The cumulative hazard ratio analysis results indicate that abnormal iron levels, poor nutritional status (as indicated by PNI scores), and being female have a negative impact on the survival of older GCSs over a five-year follow-up period. These factors should be considered as predictors of survival in this specific population. This finding contrasts with that of a previous study that analyzed gastric cancer patients from 1992 to 2019, revealing that men had twice the mortality risk compared to women [41]. However, an analysis of time-to-diagnosis relative survival by race found that non-Hispanic Asian/Pacific Islanders male gastric cancer patients aged 65 and older had a lower five-year survival rate (20.1%) than females (15.4%) [22]. This difference is attributed to a lower incidence of local and regional staging in older women (57.2%) than in older men (60.6%) among non-Hispanic Asian/Pacific Islanders [22]. The gender disparities in outcomes have been explained by previous studies that have highlighted the role of intrinsic exposures or environmental risk factors, including female hormones [42, 43]. The existing cancer survivorship policies lack age and gender specificity, highlighting the need for tailored policies that reflect the characteristics of cancer survivors and influence treatment outcomes specific to the type of cancer. Predictive models utilizing big data can contribute to the refinement of these policies.
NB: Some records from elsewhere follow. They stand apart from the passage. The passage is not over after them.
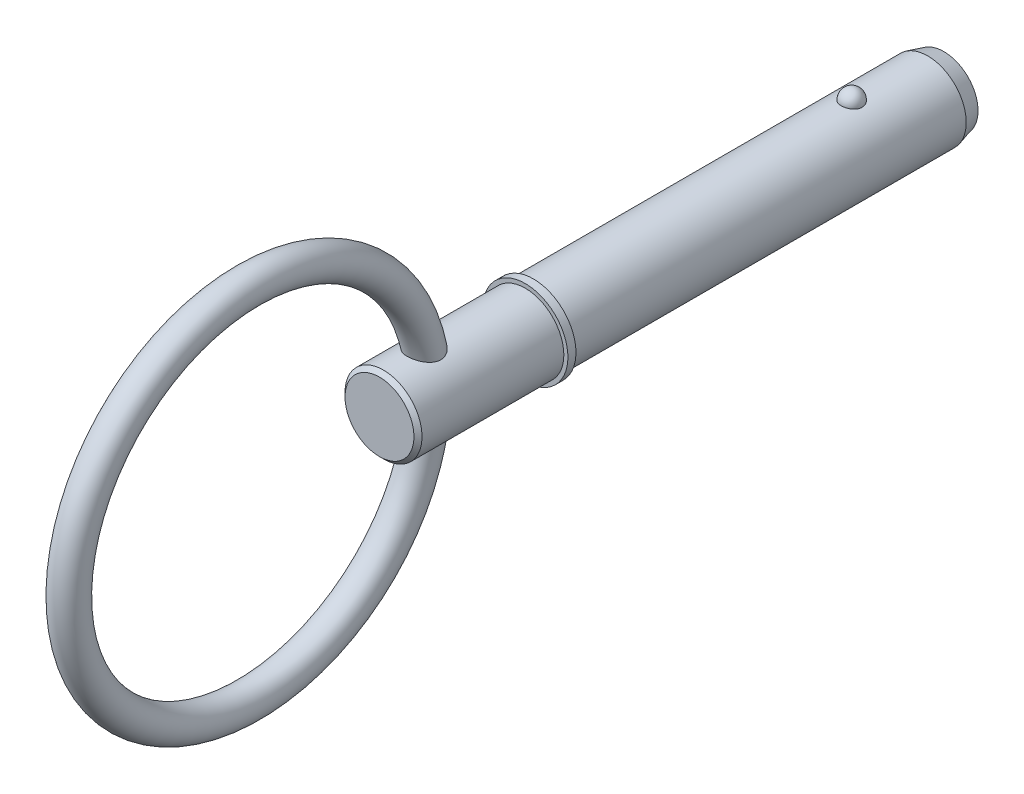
ISO-10303-21;
HEADER;
FILE_DESCRIPTION(('STEP AP214'),'2;1');
FILE_NAME('part.step','',(''),(''),'','','');
FILE_SCHEMA(('AUTOMOTIVE_DESIGN { 1 0 10303 214 1 1 1 1 }'));
ENDSEC;
DATA;
#1=APPLICATION_CONTEXT('core data for automotive mechanical design processes');
#2=APPLICATION_PROTOCOL_DEFINITION('international standard','automotive_design',2000,#1);
#3=PRODUCT_CONTEXT('',#1,'mechanical');
#4=PRODUCT('Part','Part','',(#3));
#5=PRODUCT_RELATED_PRODUCT_CATEGORY('part','',(#4));
#6=PRODUCT_DEFINITION_FORMATION('','',#4);
#7=PRODUCT_DEFINITION_CONTEXT('part definition',#1,'design');
#8=PRODUCT_DEFINITION('design','',#6,#7);
#9=PRODUCT_DEFINITION_SHAPE('','',#8);
#10=(LENGTH_UNIT() NAMED_UNIT(*) SI_UNIT(.MILLI.,.METRE.));
#11=(NAMED_UNIT(*) PLANE_ANGLE_UNIT() SI_UNIT($,.RADIAN.));
#12=(NAMED_UNIT(*) SI_UNIT($,.STERADIAN.) SOLID_ANGLE_UNIT());
#13=UNCERTAINTY_MEASURE_WITH_UNIT(LENGTH_MEASURE(1.E-05),#10,'distance_accuracy_value','');
#14=(GEOMETRIC_REPRESENTATION_CONTEXT(3) GLOBAL_UNCERTAINTY_ASSIGNED_CONTEXT((#13)) GLOBAL_UNIT_ASSIGNED_CONTEXT((#10,
#11,#12)) REPRESENTATION_CONTEXT('',''));
#15=CARTESIAN_POINT('',(0.,0.,0.));
#16=DIRECTION('',(0.,0.,1.));
#17=DIRECTION('',(1.,0.,0.));
#18=AXIS2_PLACEMENT_3D('',#15,#16,#17);
#19=CARTESIAN_POINT('',(0.,0.,38.1));
#20=DIRECTION('',(0.,0.,-1.));
#21=DIRECTION('',(-1.,0.,0.));
#22=AXIS2_PLACEMENT_3D('',#19,#20,#21);
#23=CYLINDRICAL_SURFACE('',#22,4.765);
#24=CARTESIAN_POINT('',(1.27812710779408,4.59038300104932,-1.29));
#25=CARTESIAN_POINT('',(1.27812572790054,4.59038414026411,-1.2178688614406));
#26=CARTESIAN_POINT('',(1.27223018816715,4.59203736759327,-1.14572000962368));
#27=CARTESIAN_POINT('',(1.24878929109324,4.59846646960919,-1.00346315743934));
#28=CARTESIAN_POINT('',(1.23123896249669,4.60324367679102,-0.933356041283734));
#29=CARTESIAN_POINT('',(1.18493861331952,4.61537801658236,-0.797215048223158));
#30=CARTESIAN_POINT('',(1.15619354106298,4.62273400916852,-0.731179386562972));
#31=CARTESIAN_POINT('',(1.08822596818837,4.6392032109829,-0.60498645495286));
#32=CARTESIAN_POINT('',(1.04900384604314,4.64831635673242,-0.544828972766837));
#33=CARTESIAN_POINT('',(0.960865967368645,4.66733302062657,-0.431775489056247));
#34=CARTESIAN_POINT('',(0.911906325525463,4.67723999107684,-0.37891426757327));
#35=CARTESIAN_POINT('',(0.805678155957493,4.69670280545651,-0.282245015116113));
#36=CARTESIAN_POINT('',(0.748409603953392,4.70625864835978,-0.238437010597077));
#37=CARTESIAN_POINT('',(0.627266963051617,4.72392767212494,-0.161207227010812));
#38=CARTESIAN_POINT('',(0.563411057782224,4.73204466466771,-0.127757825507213));
#39=CARTESIAN_POINT('',(0.430755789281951,4.74595788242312,-0.072047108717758));
#40=CARTESIAN_POINT('',(0.361956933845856,4.75175434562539,-0.0497846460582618));
#41=CARTESIAN_POINT('',(0.222605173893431,4.76030056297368,-0.017375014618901));
#42=CARTESIAN_POINT('',(0.152101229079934,4.76309991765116,-0.00703038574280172));
#43=CARTESIAN_POINT('',(0.0103009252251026,4.76551622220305,0.00191361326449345));
#44=CARTESIAN_POINT('',(-0.0609953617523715,4.76513345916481,0.000514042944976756));
#45=CARTESIAN_POINT('',(-0.201348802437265,4.76125496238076,-0.0138891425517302));
#46=CARTESIAN_POINT('',(-0.270423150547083,4.75780093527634,-0.0267372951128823));
#47=CARTESIAN_POINT('',(-0.405377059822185,4.74820737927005,-0.0634598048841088));
#48=CARTESIAN_POINT('',(-0.471256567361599,4.74206780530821,-0.087334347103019));
#49=CARTESIAN_POINT('',(-0.598375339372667,4.72771507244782,-0.145611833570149));
#50=CARTESIAN_POINT('',(-0.659587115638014,4.71949070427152,-0.180071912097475));
#51=CARTESIAN_POINT('',(-0.775356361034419,4.70185936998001,-0.258542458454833));
#52=CARTESIAN_POINT('',(-0.829913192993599,4.69245229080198,-0.302553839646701));
#53=CARTESIAN_POINT('',(-0.931895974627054,4.67327936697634,-0.39982907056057));
#54=CARTESIAN_POINT('',(-0.979176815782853,4.66351011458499,-0.453244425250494));
#55=CARTESIAN_POINT('',(-1.06421220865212,4.64484426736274,-0.567321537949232));
#56=CARTESIAN_POINT('',(-1.10196613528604,4.63594772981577,-0.6279837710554));
#57=CARTESIAN_POINT('',(-1.16735225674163,4.61992036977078,-0.75558557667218));
#58=CARTESIAN_POINT('',(-1.19487251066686,4.61280933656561,-0.822585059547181));
#59=CARTESIAN_POINT('',(-1.23851975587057,4.60128324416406,-0.96041771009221));
#60=CARTESIAN_POINT('',(-1.25464705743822,4.59686811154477,-1.03125077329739));
#61=CARTESIAN_POINT('',(-1.27505790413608,4.59124882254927,-1.17443804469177));
#62=CARTESIAN_POINT('',(-1.27938868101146,4.59003186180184,-1.24678501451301));
#63=CARTESIAN_POINT('',(-1.27623192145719,4.5909105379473,-1.3911989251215));
#64=CARTESIAN_POINT('',(-1.26874468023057,4.59300609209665,-1.46326587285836));
#65=CARTESIAN_POINT('',(-1.24220427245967,4.60025423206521,-1.60473192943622));
#66=CARTESIAN_POINT('',(-1.2232043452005,4.60539274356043,-1.67414176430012));
#67=CARTESIAN_POINT('',(-1.17415910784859,4.61813957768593,-1.80870154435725));
#68=CARTESIAN_POINT('',(-1.1441133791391,4.62574799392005,-1.87385132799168));
#69=CARTESIAN_POINT('',(-1.07354327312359,4.64263368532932,-1.99841604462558));
#70=CARTESIAN_POINT('',(-1.03296580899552,4.65191934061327,-2.05779976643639));
#71=CARTESIAN_POINT('',(-0.942433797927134,4.67110036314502,-2.16881966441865));
#72=CARTESIAN_POINT('',(-0.892478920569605,4.68099575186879,-2.22045556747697));
#73=CARTESIAN_POINT('',(-0.784302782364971,4.70033161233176,-2.31471696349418));
#74=CARTESIAN_POINT('',(-0.726054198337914,4.70977043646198,-2.35731146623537));
#75=CARTESIAN_POINT('',(-0.602997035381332,4.72709995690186,-2.43206620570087));
#76=CARTESIAN_POINT('',(-0.538188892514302,4.73499075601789,-2.46422713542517));
#77=CARTESIAN_POINT('',(-0.404639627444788,4.7482563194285,-2.51687454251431));
#78=CARTESIAN_POINT('',(-0.33595386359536,4.7536596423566,-2.53749415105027));
#79=CARTESIAN_POINT('',(-0.195948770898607,4.76148510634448,-2.56703727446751));
#80=CARTESIAN_POINT('',(-0.124629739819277,4.76390758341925,-2.57596210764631));
#81=CARTESIAN_POINT('',(0.0172696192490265,4.76548774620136,-2.58180339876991));
#82=CARTESIAN_POINT('',(0.0878407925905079,4.76470225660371,-2.57892886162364));
#83=CARTESIAN_POINT('',(0.227467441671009,4.76008019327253,-2.56172603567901));
#84=CARTESIAN_POINT('',(0.296522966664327,4.75624371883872,-2.54739811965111));
#85=CARTESIAN_POINT('',(0.430942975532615,4.74595041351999,-2.50776251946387));
#86=CARTESIAN_POINT('',(0.496319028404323,4.7395023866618,-2.4824917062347));
#87=CARTESIAN_POINT('',(0.621860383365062,4.72467083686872,-2.4216730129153));
#88=CARTESIAN_POINT('',(0.682025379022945,4.71628720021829,-2.38612452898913));
#89=CARTESIAN_POINT('',(0.796409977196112,4.69833598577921,-2.30511163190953));
#90=CARTESIAN_POINT('',(0.850529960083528,4.68875291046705,-2.25951003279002));
#91=CARTESIAN_POINT('',(0.950412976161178,4.66953243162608,-2.15992428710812));
#92=CARTESIAN_POINT('',(0.996174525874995,4.65989501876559,-2.10593865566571));
#93=CARTESIAN_POINT('',(1.07885962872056,4.64145616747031,-1.99009376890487));
#94=CARTESIAN_POINT('',(1.11562789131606,4.63267081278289,-1.92812106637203));
#95=CARTESIAN_POINT('',(1.17840570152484,4.61710269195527,-1.79873681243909));
#96=CARTESIAN_POINT('',(1.20441973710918,4.61031909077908,-1.73132754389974));
#97=CARTESIAN_POINT('',(1.24242116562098,4.60021170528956,-1.60192906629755));
#98=CARTESIAN_POINT('',(1.25578772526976,4.59655387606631,-1.54036674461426));
#99=CARTESIAN_POINT('',(1.27364121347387,4.59163904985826,-1.41587409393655));
#100=CARTESIAN_POINT('',(1.2781283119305,4.59038200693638,-1.35294379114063));
#101=CARTESIAN_POINT('',(1.27812710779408,4.59038300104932,-1.29));
#102=B_SPLINE_CURVE_WITH_KNOTS('',3,(#24,#25,#26,#27,#28,#29,#30,#31,#32,#33,#34,#35,#36,#37,
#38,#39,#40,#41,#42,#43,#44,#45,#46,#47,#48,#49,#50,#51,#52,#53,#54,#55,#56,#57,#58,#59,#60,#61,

There are several limitations to this study. First, the retrospective design makes it potentially inaccurate when measuring all late effects. Assessment of late effects relies on tests performed when patients report symptoms or as recommended by follow-up protocols, which may not provide a comprehensive picture of all patients. In addition, the study only focused on long-term late effects of 5 years or more post-diagnosis, making it difficult to identify the correlation of late effects within 5 years. Conducting a prospective survey study to identify late effects in older GCSs could overcome this limitation and provide more comprehensive data. It may also be helpful to identify additional diagnoses or reasons for ED visits more than five years post-diagnosis to identify any late effects not defined by the NCCN, and to monitor symptoms seen in the older GCS population. Second, the generalizability of our findings is limited. This study was conducted in South Korea, where National Health Insurance coverage, which pays for cancer-related treatment, only extends up to five years post-diagnosis. Therefore, the transition from National Health Insurance to private health insurance may result in financial burdens related to medical payments, which may lead to fewer hospital visits. To address this limitation, future studies should consider using National Health Insurance data to examine late effects more comprehensively. Despite these limitations, this study's novelty lies in identifying not only how the long-term late effects experienced by older GCSs differ from those of younger GCSs, but also which long-term late effect factors affect survival in older GCSs.

Conclusions

Increasing advancements in medical technology are anticipated to result in a larger population of older cancer survivors. Alongside the goal of improving treatment outcomes, recent healthcare objectives aim to support the successful reintegration of individuals into their daily lives after completing cancer treatment. This retrospective study focused specifically on older GCSs—a significant demographic—and aimed to identify the characteristics of long-term complications experienced by this population. By identifying these distinct factors, the study provides a foundation for the development of personalized survivorship care protocols that consider gender, nutritional status, and age. Furthermore, the findings can inform policy recommendations for targeted cancer survivorship care, ultimately leading to improved QOL for older GCSs.